Australian Jewish leaders have condemned an auction house that held a fire sale of Nazi memorabilia before a government ban is due to come into effect.
Last Saturday, Danielle Elizabeth Antique & Estate Auctioneers sold items including a gold Totenkopf ring, an SS branded licence plate, and the sign for a street named after Adolf Hitler.
Dvir Abramovich, chair of the Anti-Defamation Commission - Australia’s largest civil rights organisation - claimed the Queensland business was glorifying and honouring the Nazi regime.
“If Hitler was alive today, he would be thanking this auction house and applauding their ghastly profiteering, delighted that his legacy is being mainstreamed and promoted in Australia,” he told the Jerusalem Post.
"The perverse and twisted sale of these blood-stained items, the devil’s tools, tramples on the memory of the victims of the Holocaust and is a spit on the graves of the valiant diggers who sacrificed their lives to defeat this evil tyrant.
“It is also a kick in the stomach of the survivors who have suffered enough. These satanic articles are the pure embodiment of absolute inhumanity and horror and may end up in the hands of Third Reich worshippers who will proudly display them in their homes and use them to recruit new members to their sickening cause.”
Earlier this month, the Australian government announced plans to ban the sale of Nazi memorabilia. Public displays of SS symbols and swastikas will also be outlawed, but not the Sieg Heil.
The sale of Third Reich flags, armbands, t-shirts, and insignia will all be banned, with an exemption for educational and academic purposes. Swastikas will also be permitted if they appear in a religious context.
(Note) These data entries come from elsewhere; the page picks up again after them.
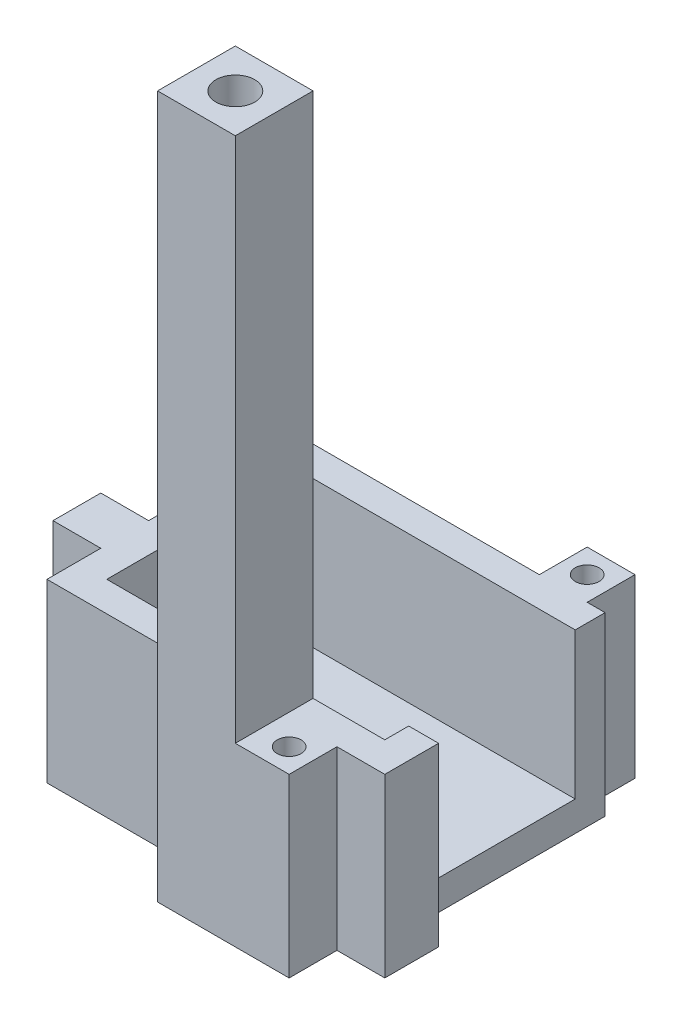
ISO-10303-21;
HEADER;
FILE_DESCRIPTION(('STEP AP214'),'2;1');
FILE_NAME('part.step','',(''),(''),'','','');
FILE_SCHEMA(('AUTOMOTIVE_DESIGN { 1 0 10303 214 1 1 1 1 }'));
ENDSEC;
DATA;
#1=APPLICATION_CONTEXT('core data for automotive mechanical design processes');
#2=APPLICATION_PROTOCOL_DEFINITION('international standard','automotive_design',2000,#1);
#3=PRODUCT_CONTEXT('',#1,'mechanical');
#4=PRODUCT('Part','Part','',(#3));
#5=PRODUCT_RELATED_PRODUCT_CATEGORY('part','',(#4));
#6=PRODUCT_DEFINITION_FORMATION('','',#4);
#7=PRODUCT_DEFINITION_CONTEXT('part definition',#1,'design');
#8=PRODUCT_DEFINITION('design','',#6,#7);
#9=PRODUCT_DEFINITION_SHAPE('','',#8);
#10=(LENGTH_UNIT() NAMED_UNIT(*) SI_UNIT(.MILLI.,.METRE.));
#11=(NAMED_UNIT(*) PLANE_ANGLE_UNIT() SI_UNIT($,.RADIAN.));
#12=(NAMED_UNIT(*) SI_UNIT($,.STERADIAN.) SOLID_ANGLE_UNIT());
#13=UNCERTAINTY_MEASURE_WITH_UNIT(LENGTH_MEASURE(1.E-05),#10,'distance_accuracy_value','');
#14=(GEOMETRIC_REPRESENTATION_CONTEXT(3) GLOBAL_UNCERTAINTY_ASSIGNED_CONTEXT((#13)) GLOBAL_UNIT_ASSIGNED_CONTEXT((#10,
#11,#12)) REPRESENTATION_CONTEXT('',''));
#15=CARTESIAN_POINT('',(0.,0.,0.));
#16=DIRECTION('',(0.,0.,1.));
#17=DIRECTION('',(1.,0.,0.));
#18=AXIS2_PLACEMENT_3D('',#15,#16,#17);
#19=CARTESIAN_POINT('',(0.,24.5,41.85));
#20=DIRECTION('',(1.,0.,0.));
#21=DIRECTION('',(0.,0.,-1.));
#22=AXIS2_PLACEMENT_3D('',#19,#20,#21);
#23=PLANE('',#22);
#24=DIRECTION('',(0.,1.,0.));
#25=VECTOR('',#24,1.);
#26=CARTESIAN_POINT('',(0.,24.5,32.85));
#27=LINE('',#26,#25);
#28=CARTESIAN_POINT('',(0.,-5.,32.85));
#29=VERTEX_POINT('',#28);
#30=CARTESIAN_POINT('',(0.,24.5,32.85));
#31=VERTEX_POINT('',#30);
#32=EDGE_CURVE('E229',#29,#31,#27,.T.);
#33=ORIENTED_EDGE('',*,*,#32,.F.);
#34=DIRECTION('',(0.,0.,-1.));
#35=VECTOR('',#34,1.);
#36=CARTESIAN_POINT('',(0.,-5.,41.85));
#37=LINE('',#36,#35);
#38=CARTESIAN_POINT('',(0.,-5.,41.85));
#39=VERTEX_POINT('',#38);
#40=EDGE_CURVE('E341',#39,#29,#37,.T.);
#41=ORIENTED_EDGE('',*,*,#40,.F.);
#42=DIRECTION('',(0.,-1.,0.));
#43=VECTOR('',#42,1.);
#44=CARTESIAN_POINT('',(0.,24.5,41.85));
#45=LINE('',#44,#43);
#46=CARTESIAN_POINT('',(0.,24.5,41.85));
#47=VERTEX_POINT('',#46);
#48=EDGE_CURVE('E45',#47,#39,#45,.T.);
#49=ORIENTED_EDGE('',*,*,#48,.F.);
#50=DIRECTION('',(0.,0.,1.));
#51=VECTOR('',#50,1.);
#52=CARTESIAN_POINT('',(0.,24.5,41.85));
#53=LINE('',#52,#51);
#54=EDGE_CURVE('E52',#31,#47,#53,.T.);
#55=ORIENTED_EDGE('',*,*,#54,.F.);
#56=EDGE_LOOP('',(#33,#41,#49,#55));
#57=FACE_BOUND('',#56,.T.);
#58=ADVANCED_FACE('F38',(#57),#23,.F.);
#59=DIRECTION('',(0.,-1.,0.));
#60=VECTOR('',#59,1.);
#61=CARTESIAN_POINT('',(0.,24.5,24.85));
#62=LINE('',#61,#60);
#63=CARTESIAN_POINT('',(0.,24.5,24.85));
#64=VERTEX_POINT('',#63);
#65=CARTESIAN_POINT('',(0.,-5.,24.85));
#66=VERTEX_POINT('',#65);
#67=EDGE_CURVE('E60',#64,#66,#62,.T.);
#68=ORIENTED_EDGE('',*,*,#67,.F.);
#69=CARTESIAN_POINT('',(0.,24.5,0.));
#70=VERTEX_POINT('',#69);
#71=EDGE_CURVE('E352',#70,#64,#53,.T.);
#72=ORIENTED_EDGE('',*,*,#71,.F.);
#73=DIRECTION('',(0.,-1.,0.));
#74=VECTOR('',#73,1.);
#75=CARTESIAN_POINT('',(0.,24.5,0.));
#76=LINE('',#75,#74);
#77=CARTESIAN_POINT('',(0.,-5.,0.));
#78=VERTEX_POINT('',#77);
#79=EDGE_CURVE('E377',#70,#78,#76,.T.);
#80=ORIENTED_EDGE('',*,*,#79,.T.);
#81=EDGE_CURVE('E340',#66,#78,#37,.T.);
#82=ORIENTED_EDGE('',*,*,#81,.F.);
#83=EDGE_LOOP('',(#68,#72,#80,#82));
#84=FACE_BOUND('',#83,.T.);
#85=ADVANCED_FACE('F459',(#84),#23,.F.);
#86=CARTESIAN_POINT('',(0.,24.5,0.));
#87=DIRECTION('',(0.,-1.,0.));
#88=DIRECTION('',(0.,0.,-1.));
#89=AXIS2_PLACEMENT_3D('',#86,#87,#88);
#90=PLANE('',#89);
#91=CARTESIAN_POINT('',(44.5,24.5,-4.));
#92=DIRECTION('',(0.,1.,0.));
#93=DIRECTION('',(0.,0.,1.));
#94=AXIS2_PLACEMENT_3D('',#91,#92,#93);
#95=CIRCLE('',#94,2.);
#96=CARTESIAN_POINT('',(44.5,24.5,-2.));
#97=VERTEX_POINT('',#96);
#98=EDGE_CURVE('E284',#97,#97,#95,.T.);
#99=ORIENTED_EDGE('',*,*,#98,.F.);
#100=EDGE_LOOP('',(#99));
#101=FACE_BOUND('',#100,.T.);
#102=DIRECTION('',(0.,0.,1.));
#103=VECTOR('',#102,1.);
#104=CARTESIAN_POINT('',(26.5,24.5,49.85));
#105=LINE('',#104,#103);
#106=CARTESIAN_POINT('',(26.5,24.5,36.85));
#107=VERTEX_POINT('',#106);
#108=CARTESIAN_POINT('',(26.5,24.5,41.85));
#109=VERTEX_POINT('',#108);
#110=EDGE_CURVE('E245',#107,#109,#105,.T.);
#111=ORIENTED_EDGE('',*,*,#110,.F.);
#112=DIRECTION('',(-1.,0.,0.));
#113=VECTOR('',#112,1.);
#114=CARTESIAN_POINT('',(4.99999999999999,24.5,36.85));
#115=LINE('',#114,#113);
#116=CARTESIAN_POINT('',(4.99999999999999,24.5,36.85));
#117=VERTEX_POINT('',#116);
#118=EDGE_CURVE('E364',#107,#117,#115,.T.);
#119=ORIENTED_EDGE('',*,*,#118,.T.);
#120=DIRECTION('',(0.,0.,-1.));
#121=VECTOR('',#120,1.);
#122=CARTESIAN_POINT('',(4.99999999999999,24.5,5.));
#123=LINE('',#122,#121);
#124=CARTESIAN_POINT('',(4.99999999999999,24.5,5.));
#125=VERTEX_POINT('',#124);
#126=EDGE_CURVE('E367',#117,#125,#123,.T.);
#127=ORIENTED_EDGE('',*,*,#126,.T.);
#128=DIRECTION('',(1.,0.,0.));
#129=VECTOR('',#128,1.);
#130=CARTESIAN_POINT('',(51.5,24.5,5.));
#131=LINE('',#130,#129);
#132=CARTESIAN_POINT('',(51.5,24.5,5.));
#133=VERTEX_POINT('',#132);
#134=EDGE_CURVE('E369',#125,#133,#131,.T.);
#135=ORIENTED_EDGE('',*,*,#134,.T.);
#136=DIRECTION('',(0.,0.,-1.));
#137=VECTOR('',#136,1.);
#138=CARTESIAN_POINT('',(51.5,24.5,0.));
#139=LINE('',#138,#137);
#140=CARTESIAN_POINT('',(51.5,24.5,0.));
#141=VERTEX_POINT('',#140);
#142=EDGE_CURVE('E371',#133,#141,#139,.T.);
#143=ORIENTED_EDGE('',*,*,#142,.T.);
#144=DIRECTION('',(-1.,0.,0.));
#145=VECTOR('',#144,1.);
#146=CARTESIAN_POINT('',(0.,24.5,0.));
#147=LINE('',#146,#145);
#148=CARTESIAN_POINT('',(48.5,24.5,0.));
#149=VERTEX_POINT('',#148);
#150=EDGE_CURVE('E374',#141,#149,#147,.T.);
#151=ORIENTED_EDGE('',*,*,#150,.T.);
#152=DIRECTION('',(0.,0.,1.));
#153=VECTOR('',#152,1.);
#154=CARTESIAN_POINT('',(48.5,24.5,-8.));
#155=LINE('',#154,#153);
#156=CARTESIAN_POINT('',(48.5,24.5,-8.));
#157=VERTEX_POINT('',#156);
#158=EDGE_CURVE('E318',#157,#149,#155,.T.);
#159=ORIENTED_EDGE('',*,*,#158,.F.);
#160=DIRECTION('',(1.,0.,0.));
#161=VECTOR('',#160,1.);
#162=CARTESIAN_POINT('',(48.5,24.5,-8.));
#163=LINE('',#162,#161);
#164=CARTESIAN_POINT('',(40.5,24.5,-8.));
#165=VERTEX_POINT('',#164);
#166=EDGE_CURVE('E316',#165,#157,#163,.T.);
#167=ORIENTED_EDGE('',*,*,#166,.F.);
#168=DIRECTION('',(0.,0.,1.));
#169=VECTOR('',#168,1.);
#170=CARTESIAN_POINT('',(40.5,24.5,-8.));
#171=LINE('',#170,#169);
#172=CARTESIAN_POINT('',(40.5,24.5,0.));
#173=VERTEX_POINT('',#172);
#174=EDGE_CURVE('E322',#165,#173,#171,.T.);
#175=ORIENTED_EDGE('',*,*,#174,.T.);
#176=EDGE_CURVE('E373',#173,#70,#147,.T.);
#177=ORIENTED_EDGE('',*,*,#176,.T.);
#178=ORIENTED_EDGE('',*,*,#71,.T.);
#179=DIRECTION('',(1.,0.,0.));
#180=VECTOR('',#179,1.);
#181=CARTESIAN_POINT('',(-8.,24.5,24.85));
#182=LINE('',#181,#180);
#183=CARTESIAN_POINT('',(-8.,24.5,24.85));
#184=VERTEX_POINT('',#183);
#185=EDGE_CURVE('E214',#184,#64,#182,.T.);
#186=ORIENTED_EDGE('',*,*,#185,.F.);
#187=DIRECTION('',(0.,0.,-1.));
#188=VECTOR('',#187,1.);
#189=CARTESIAN_POINT('',(-8.,24.5,32.85));
#190=LINE('',#189,#188);
#191=CARTESIAN_POINT('',(-8.,24.5,32.85));
#192=VERTEX_POINT('',#191);
#193=EDGE_CURVE('E207',#192,#184,#190,.T.);
#194=ORIENTED_EDGE('',*,*,#193,.F.);
#195=DIRECTION('',(1.,0.,0.));
#196=VECTOR('',#195,1.);
#197=CARTESIAN_POINT('',(-8.,24.5,32.85));
#198=LINE('',#197,#196);
#199=EDGE_CURVE('E211',#192,#31,#198,.T.);
#200=ORIENTED_EDGE('',*,*,#199,.T.);
#201=ORIENTED_EDGE('',*,*,#54,.T.);
#202=DIRECTION('',(1.,0.,0.));
#203=VECTOR('',#202,1.);
#204=CARTESIAN_POINT('',(56.5,24.5,41.85));
#205=LINE('',#204,#203);
#206=EDGE_CURVE('E355',#47,#109,#205,.T.);
#207=ORIENTED_EDGE('',*,*,#206,.T.);
#208=EDGE_LOOP('',(#111,#119,#127,#135,#143,#151,#159,#167,#175,#177,#178,#186,#194,#200,#201,#207));
#209=FACE_BOUND('',#208,.T.);
#210=ADVANCED_FACE('F209',(#101,#209),#90,.F.);
#211=CARTESIAN_POINT('',(44.5,24.5,45.85));
#212=DIRECTION('',(0.,1.,0.));
#213=DIRECTION('',(0.,0.,1.));
#214=AXIS2_PLACEMENT_3D('',#211,#212,#213);
#215=CIRCLE('',#214,2.);
#216=CARTESIAN_POINT('',(44.5,24.5,47.85));
#217=VERTEX_POINT('',#216);
#218=EDGE_CURVE('E287',#217,#217,#215,.T.);
#219=ORIENTED_EDGE('',*,*,#218,.F.);
#220=EDGE_LOOP('',(#219));
#221=FACE_BOUND('',#220,.T.);
#222=DIRECTION('',(0.,0.,-1.));
#223=VECTOR('',#222,1.);
#224=CARTESIAN_POINT('',(39.5,24.5,49.85));
#225=LINE('',#224,#223);
#226=CARTESIAN_POINT('',(39.5,24.5,49.85));
#227=VERTEX_POINT('',#226);
#228=CARTESIAN_POINT('',(39.5,24.5,36.85));
#229=VERTEX_POINT('',#228);
#230=EDGE_CURVE('E252',#227,#229,#225,.T.);
#231=ORIENTED_EDGE('',*,*,#230,.F.);
#232=DIRECTION('',(-1.,0.,0.));
#233=VECTOR('',#232,1.);
#234=CARTESIAN_POINT('',(48.5,24.5,49.85));
#235=LINE('',#234,#233);
#236=CARTESIAN_POINT('',(48.5,24.5,49.85));
#237=VERTEX_POINT('',#236);
#238=EDGE_CURVE('E295',#237,#227,#235,.T.);
#239=ORIENTED_EDGE('',*,*,#238,.F.);
#240=DIRECTION('',(0.,0.,-1.));
#241=VECTOR('',#240,1.);
#242=CARTESIAN_POINT('',(48.5,24.5,49.85));
#243=LINE('',#242,#241);
#244=CARTESIAN_POINT('',(48.5,24.5,41.85));
#245=VERTEX_POINT('',#244);
#246=EDGE_CURVE('E305',#237,#245,#243,.T.);
#247=ORIENTED_EDGE('',*,*,#246,.T.);
#248=CARTESIAN_POINT('',(56.5,24.5,41.85));
#249=VERTEX_POINT('',#248);
#250=EDGE_CURVE('E354',#245,#249,#205,.T.);
#251=ORIENTED_EDGE('',*,*,#250,.T.);
#252=DIRECTION('',(0.,0.,-1.));
#253=VECTOR('',#252,1.);
#254=CARTESIAN_POINT('',(56.5,24.5,32.85));
#255=LINE('',#254,#253);
#256=CARTESIAN_POINT('',(56.5,24.5,32.85));
#257=VERTEX_POINT('',#256);
#258=EDGE_CURVE('E358',#249,#257,#255,.T.);
#259=ORIENTED_EDGE('',*,*,#258,.T.);
#260=DIRECTION('',(-1.,0.,0.));
#261=VECTOR('',#260,1.);
#262=CARTESIAN_POINT('',(51.5,24.5,32.85));
#263=LINE('',#262,#261);
#264=CARTESIAN_POINT('',(51.5,24.5,32.85));
#265=VERTEX_POINT('',#264);
#266=EDGE_CURVE('E360',#257,#265,#263,.T.);
#267=ORIENTED_EDGE('',*,*,#266,.T.);
#268=DIRECTION('',(0.,0.,1.));
#269=VECTOR('',#268,1.);
#270=CARTESIAN_POINT('',(51.5,24.5,36.85));
#271=LINE('',#270,#269);
#272=CARTESIAN_POINT('',(51.5,24.5,36.85));
#273=VERTEX_POINT('',#272);
#274=EDGE_CURVE('E362',#265,#273,#271,.T.);
#275=ORIENTED_EDGE('',*,*,#274,.T.);
#276=EDGE_CURVE('E365',#273,#229,#115,.T.);
#277=ORIENTED_EDGE('',*,*,#276,.T.);
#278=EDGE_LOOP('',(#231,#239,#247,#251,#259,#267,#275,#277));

Announcing the legislation, Attorney General Mark Dreyfus said: "There is no place in Australia for symbols that glorify the horrors of the Holocaust.
"We will no longer allow people to profit from the display and sale of items which celebrate the Nazis.”
Nazi memorabilia is displayed at a National Museum of American History exhibition (Photo: Joe Raedle/Getty Images)
In a statement published to their website, Danielle Elizabeth said none of their buyers are neo-Nazis but are instead “some of the most educated and wealthy people in Australia”.
Previous militaria auctions attracted interest from America, Canada, and "all over" Australia, they claimed.
A spokesman for Danielle Elizabeth Antique & Estate Auctioneers told the JC: “Concentration Camps and the Holocaust should never be forgotten but freedom of speech is a vital legacy of Western civilisation and worth preserving.
“The Australian government's soon to be ban on the trade of historical artefacts is just another erosion of our civil liberties. We are now legislating against freedom, to appease the screeching minorities.
“Censorship, control, and the stamp down on civil liberties is exactly what Hitler did to the Jews in Germany from 1933 -1945. Now people like Dvir [Abramovich] and his business are forcing that upon us.
“People are dying all over the world today, and the persecution of man is only getting worse, yet Dvir Abramovich is focused on demonising legal businesses in Australia selling legal historical artefacts from over 75 years ago.
“We are not selling drugs to kids... we sell history."
The Nazi memorabilia sale included items from five main vendors including the estates of two deceased collectors.